Keine Eishalle im ganzen Kanton Uri

«Die grosse Meisterleistung von Tell war, dass er den Apfel vom Kopf seines Sohnes geschossen hat», sagt Gisler und zieht eine Parallele: «Genau so eine Meisterleistung braucht es von uns im Cup gegen Davos.» Der 24-Jährige ist mit der Tell-Sage aufgewachsen – denn er hat seine Wurzeln im Urnerland. Das trifft nur auf wenige Hockeyspieler der Schweiz zu. Im ganzen Kanton Uri gibt es tatsächlich keine einzige Eishalle.

Gislers Eltern sind früh nach Seewen SZ gezogen, dort ist er nur wenige Minuten von der Eishalle entfernt aufgewachsen. «Meine Mutter ging mit mir in den freien Eislauf, so fing alles an.» Nach Junioren-Jahren beim EHC Seewen wechselte er als 14-Jähriger zum EVZ in dessen Nachwuchs. «Ich war richtig ambitioniert, wollte gut sein.» Mit dem Traum, eines Tages Profispieler zu werden.
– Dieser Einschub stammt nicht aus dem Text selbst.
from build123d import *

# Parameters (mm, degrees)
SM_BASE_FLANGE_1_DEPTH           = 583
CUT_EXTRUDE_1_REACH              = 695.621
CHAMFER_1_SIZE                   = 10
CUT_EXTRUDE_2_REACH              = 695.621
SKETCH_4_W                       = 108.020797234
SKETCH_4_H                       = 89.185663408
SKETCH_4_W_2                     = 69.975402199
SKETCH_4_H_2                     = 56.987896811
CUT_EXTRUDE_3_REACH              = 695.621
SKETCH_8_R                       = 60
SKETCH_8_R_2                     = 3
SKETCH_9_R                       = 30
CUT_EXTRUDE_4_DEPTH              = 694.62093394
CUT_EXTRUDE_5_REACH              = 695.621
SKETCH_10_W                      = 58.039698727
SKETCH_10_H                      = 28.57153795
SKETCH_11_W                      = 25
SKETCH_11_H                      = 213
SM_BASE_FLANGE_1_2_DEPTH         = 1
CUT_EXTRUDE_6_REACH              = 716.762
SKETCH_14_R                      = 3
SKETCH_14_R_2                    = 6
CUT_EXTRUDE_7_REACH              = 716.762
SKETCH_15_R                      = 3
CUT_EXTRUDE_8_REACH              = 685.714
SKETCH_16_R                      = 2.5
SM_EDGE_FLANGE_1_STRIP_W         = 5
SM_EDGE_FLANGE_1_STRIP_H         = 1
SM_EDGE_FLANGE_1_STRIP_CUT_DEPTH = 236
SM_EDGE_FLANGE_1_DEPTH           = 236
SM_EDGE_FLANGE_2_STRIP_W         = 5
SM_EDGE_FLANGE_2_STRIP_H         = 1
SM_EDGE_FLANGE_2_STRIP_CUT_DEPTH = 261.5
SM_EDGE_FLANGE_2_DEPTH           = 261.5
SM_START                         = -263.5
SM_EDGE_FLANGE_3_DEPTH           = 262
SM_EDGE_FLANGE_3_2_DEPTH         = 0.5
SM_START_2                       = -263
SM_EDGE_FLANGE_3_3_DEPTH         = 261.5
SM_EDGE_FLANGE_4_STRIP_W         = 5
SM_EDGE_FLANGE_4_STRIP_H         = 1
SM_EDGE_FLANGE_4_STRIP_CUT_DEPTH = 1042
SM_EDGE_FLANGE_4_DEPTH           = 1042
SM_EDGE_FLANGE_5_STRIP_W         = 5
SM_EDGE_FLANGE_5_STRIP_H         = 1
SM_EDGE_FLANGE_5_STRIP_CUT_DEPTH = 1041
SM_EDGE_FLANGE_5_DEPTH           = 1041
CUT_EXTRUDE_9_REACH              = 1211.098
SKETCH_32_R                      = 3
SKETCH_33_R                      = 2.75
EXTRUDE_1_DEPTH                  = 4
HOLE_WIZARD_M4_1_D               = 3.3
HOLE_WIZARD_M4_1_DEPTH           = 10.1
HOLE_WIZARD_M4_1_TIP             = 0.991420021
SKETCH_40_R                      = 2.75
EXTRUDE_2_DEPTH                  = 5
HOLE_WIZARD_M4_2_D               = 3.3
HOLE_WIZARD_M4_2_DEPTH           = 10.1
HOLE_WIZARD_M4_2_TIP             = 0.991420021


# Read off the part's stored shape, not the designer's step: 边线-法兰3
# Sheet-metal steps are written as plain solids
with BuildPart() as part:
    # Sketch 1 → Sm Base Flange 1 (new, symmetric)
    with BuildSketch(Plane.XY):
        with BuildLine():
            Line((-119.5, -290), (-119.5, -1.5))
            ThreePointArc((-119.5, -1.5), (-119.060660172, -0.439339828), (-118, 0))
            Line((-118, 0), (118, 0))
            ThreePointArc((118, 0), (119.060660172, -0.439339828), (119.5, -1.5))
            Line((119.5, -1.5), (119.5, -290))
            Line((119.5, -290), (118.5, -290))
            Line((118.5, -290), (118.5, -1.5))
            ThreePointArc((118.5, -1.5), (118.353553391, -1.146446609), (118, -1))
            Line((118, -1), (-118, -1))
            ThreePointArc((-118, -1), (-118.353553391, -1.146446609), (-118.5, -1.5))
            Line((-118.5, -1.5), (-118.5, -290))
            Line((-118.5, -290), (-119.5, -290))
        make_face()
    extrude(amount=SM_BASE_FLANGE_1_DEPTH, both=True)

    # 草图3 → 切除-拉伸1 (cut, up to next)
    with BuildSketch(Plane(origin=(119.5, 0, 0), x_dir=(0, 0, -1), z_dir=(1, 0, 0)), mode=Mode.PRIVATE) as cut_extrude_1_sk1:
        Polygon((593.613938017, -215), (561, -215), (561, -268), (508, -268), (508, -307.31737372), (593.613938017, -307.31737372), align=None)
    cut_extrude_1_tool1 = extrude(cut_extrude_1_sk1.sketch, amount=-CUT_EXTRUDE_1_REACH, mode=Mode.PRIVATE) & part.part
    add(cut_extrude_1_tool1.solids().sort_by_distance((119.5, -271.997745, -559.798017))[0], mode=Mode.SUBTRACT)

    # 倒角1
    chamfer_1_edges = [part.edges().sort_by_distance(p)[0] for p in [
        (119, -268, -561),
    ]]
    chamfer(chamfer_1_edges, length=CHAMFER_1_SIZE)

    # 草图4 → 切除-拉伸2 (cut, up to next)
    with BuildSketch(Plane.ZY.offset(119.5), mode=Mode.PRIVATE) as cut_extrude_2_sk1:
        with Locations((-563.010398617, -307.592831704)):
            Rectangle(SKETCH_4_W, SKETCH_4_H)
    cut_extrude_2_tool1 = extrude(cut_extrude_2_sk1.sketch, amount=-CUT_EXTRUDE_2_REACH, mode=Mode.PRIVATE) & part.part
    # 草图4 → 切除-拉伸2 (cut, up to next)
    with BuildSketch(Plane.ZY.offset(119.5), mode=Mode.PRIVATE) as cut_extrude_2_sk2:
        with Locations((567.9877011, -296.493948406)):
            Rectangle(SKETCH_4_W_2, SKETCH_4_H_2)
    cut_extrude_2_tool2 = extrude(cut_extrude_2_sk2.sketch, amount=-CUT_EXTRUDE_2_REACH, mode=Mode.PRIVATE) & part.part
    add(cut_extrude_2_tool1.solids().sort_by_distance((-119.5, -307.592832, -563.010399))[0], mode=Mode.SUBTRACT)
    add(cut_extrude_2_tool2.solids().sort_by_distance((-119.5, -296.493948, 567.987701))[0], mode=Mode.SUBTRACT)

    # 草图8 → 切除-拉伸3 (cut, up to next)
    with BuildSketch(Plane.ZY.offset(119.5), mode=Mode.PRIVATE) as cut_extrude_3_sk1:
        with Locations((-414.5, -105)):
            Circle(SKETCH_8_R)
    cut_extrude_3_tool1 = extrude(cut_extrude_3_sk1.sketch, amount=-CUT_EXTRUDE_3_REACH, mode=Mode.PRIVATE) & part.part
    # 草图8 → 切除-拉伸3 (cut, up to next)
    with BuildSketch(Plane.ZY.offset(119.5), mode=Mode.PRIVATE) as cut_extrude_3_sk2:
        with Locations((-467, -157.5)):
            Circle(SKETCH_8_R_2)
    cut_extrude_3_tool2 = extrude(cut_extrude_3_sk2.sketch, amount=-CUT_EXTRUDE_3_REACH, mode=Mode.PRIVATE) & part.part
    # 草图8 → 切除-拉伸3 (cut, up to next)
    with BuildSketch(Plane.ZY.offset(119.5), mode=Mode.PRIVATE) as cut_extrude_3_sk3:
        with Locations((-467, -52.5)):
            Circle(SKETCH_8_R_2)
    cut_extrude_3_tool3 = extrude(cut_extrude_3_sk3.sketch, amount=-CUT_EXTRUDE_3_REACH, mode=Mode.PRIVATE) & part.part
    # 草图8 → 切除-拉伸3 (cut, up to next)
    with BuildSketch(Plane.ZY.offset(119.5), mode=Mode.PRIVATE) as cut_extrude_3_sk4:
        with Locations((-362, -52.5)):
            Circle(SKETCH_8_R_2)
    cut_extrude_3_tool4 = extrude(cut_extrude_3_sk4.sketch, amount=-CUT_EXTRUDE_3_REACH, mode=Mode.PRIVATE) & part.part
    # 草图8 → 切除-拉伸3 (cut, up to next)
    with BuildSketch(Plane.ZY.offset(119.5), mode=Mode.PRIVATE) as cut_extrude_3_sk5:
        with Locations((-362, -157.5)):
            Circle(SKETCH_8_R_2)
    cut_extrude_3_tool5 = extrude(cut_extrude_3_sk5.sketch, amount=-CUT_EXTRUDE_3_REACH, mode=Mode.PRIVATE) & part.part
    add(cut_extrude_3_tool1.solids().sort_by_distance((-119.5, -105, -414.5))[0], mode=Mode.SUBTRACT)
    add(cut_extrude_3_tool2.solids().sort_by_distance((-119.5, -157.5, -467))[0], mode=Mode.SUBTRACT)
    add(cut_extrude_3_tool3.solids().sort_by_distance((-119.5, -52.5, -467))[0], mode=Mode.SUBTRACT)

In Zug oder auch zwei Jahre später in Rapperswil-Jona konnte er sich nicht für höhere Aufgaben aufdrängen. «Ich konnte die Chancen nicht nutzen», sagt er reflektiert.

Als 19-Jähriger kehrte er zu Erstligist Seewen, der 2017 zur MySports-League stösst, zurück. «Es ist mehr als nur eine Mannschaft, es ist Kameradschaft. Wir sind alles Kollegen, treffen uns auch privat. Über die Hälfte des Teams kenne ich seit meiner Kindheit.» Weil die dritthöchste Liga der Schweiz eine Amateur-Liga ist, gehen alle Spieler einem Job nach.

Gisler absolvierte das Sport-KV in Zug und arbeitet heute im Einkauf und Produktmanagement von Active Communication, einer Tochtergesellschaft der Schweizer Paraplegiker-Stiftung. Die Firma bietet Menschen mit einer Beeinträchtigung massgeschneiderte Lösungen in den Bereichen Kommunikationshilfen, Computer- und Arbeitsplatzanpassungen, sowie Umfeldsteuerungen. In seinem Job ist Gisler auch mit tragischen Schicksalen konfrontiert. «Natürlich mache ich mir bei schlimmen Fällen Gedanken. Aber man darf es sich nicht zu nahekommen lassen und muss sich abgrenzen können. Da hilft Eishockey als Ausgleich.»

«Auf die Zähne beissen»

Der Stürmer betont aber, dass man wirklich angefressen sein und es wirklich wollen muss. «Denn manchmal muss man schon auf die Zähne beissen. Zum Beispiel wenn wir nach einem Auswärtsspiel am Mittwoch erst um 3 Uhr nachts heimkommen und vier Stunden später wieder zur Arbeit müssen.» Trotzdem hat Gisler, der an der Höheren Fachschule derzeit eine Weiterbildung in Betriebswirtschaft macht, noch kein einziges Spiel mit Seewen verpasst.

Ein ganz besonderes wird nun der Cup-Sechzehntelfinal, für den sich Seewen zuvor erst einmal qualifiziert hat: Die Schwyzer verloren 2017 gegen Lugano 1:9. Und erneut gastiert ein NL-Team im Zingel. «Als wir Davos zugelost bekamen, schoss natürlich allen der Gedanke in den Kopf, dass die Bündner mal gegen Dübendorf verloren haben.» Ein solcher Coup ist natürlich die Wunschvorstellung. «Jeder würde gerne einem Grossen ein Bein stellen. Aber wir sind schon auch nervös», gesteht Gisler.

Gut aufs Spiel eingestellt werden sie von ihrem neuen Trainer Leo Schumacher (67), der vor zwei Jahren an der Bande der ZSC Lions noch Schweizermeister geworden ist. «Er fördert uns mit einer gewissen Härte, für uns ist es eine Chance. Seine Leidenschaft fürs Hockey ist spürbar.» Ein Meistertrainer für die «tell’sche» Meisterleistung gegen den HCD.